(Dataset entries)
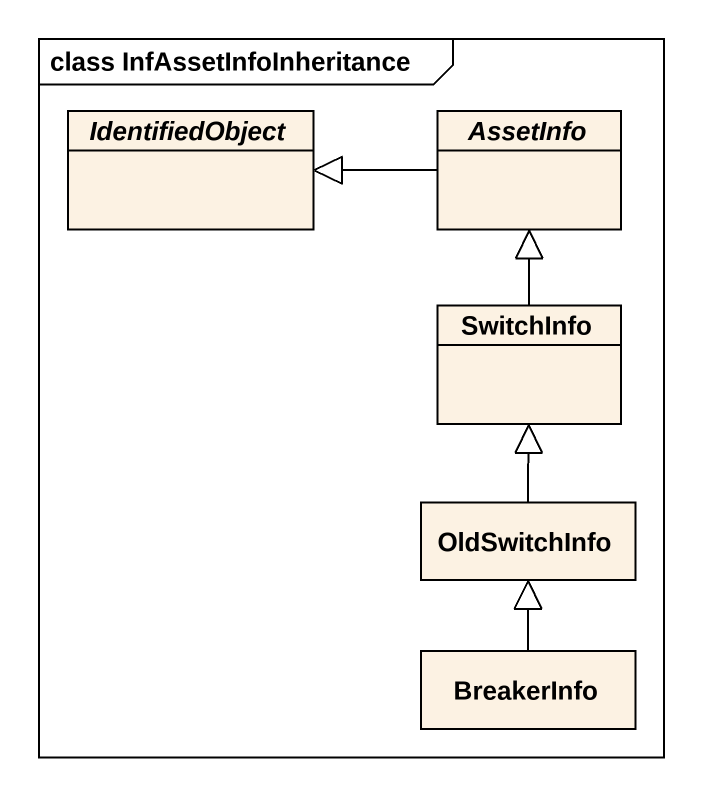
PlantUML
@startuml
mainframe class InfAssetInfoInheritance
hide circle
hide empty members
abstract class IdentifiedObject
abstract class AssetInfo
class SwitchInfo
class OldSwitchInfo
class BreakerInfo
AssetInfo -left-|> IdentifiedObject
SwitchInfo -up-|> AssetInfo
OldSwitchInfo -up-|> SwitchInfo
BreakerInfo -up-|> OldSwitchInfo
@enduml

Assigned task ▸ Each line above that contains the word "abstract" should be returned.

Response area ▸
abstract class IdentifiedObject
abstract class AssetInfo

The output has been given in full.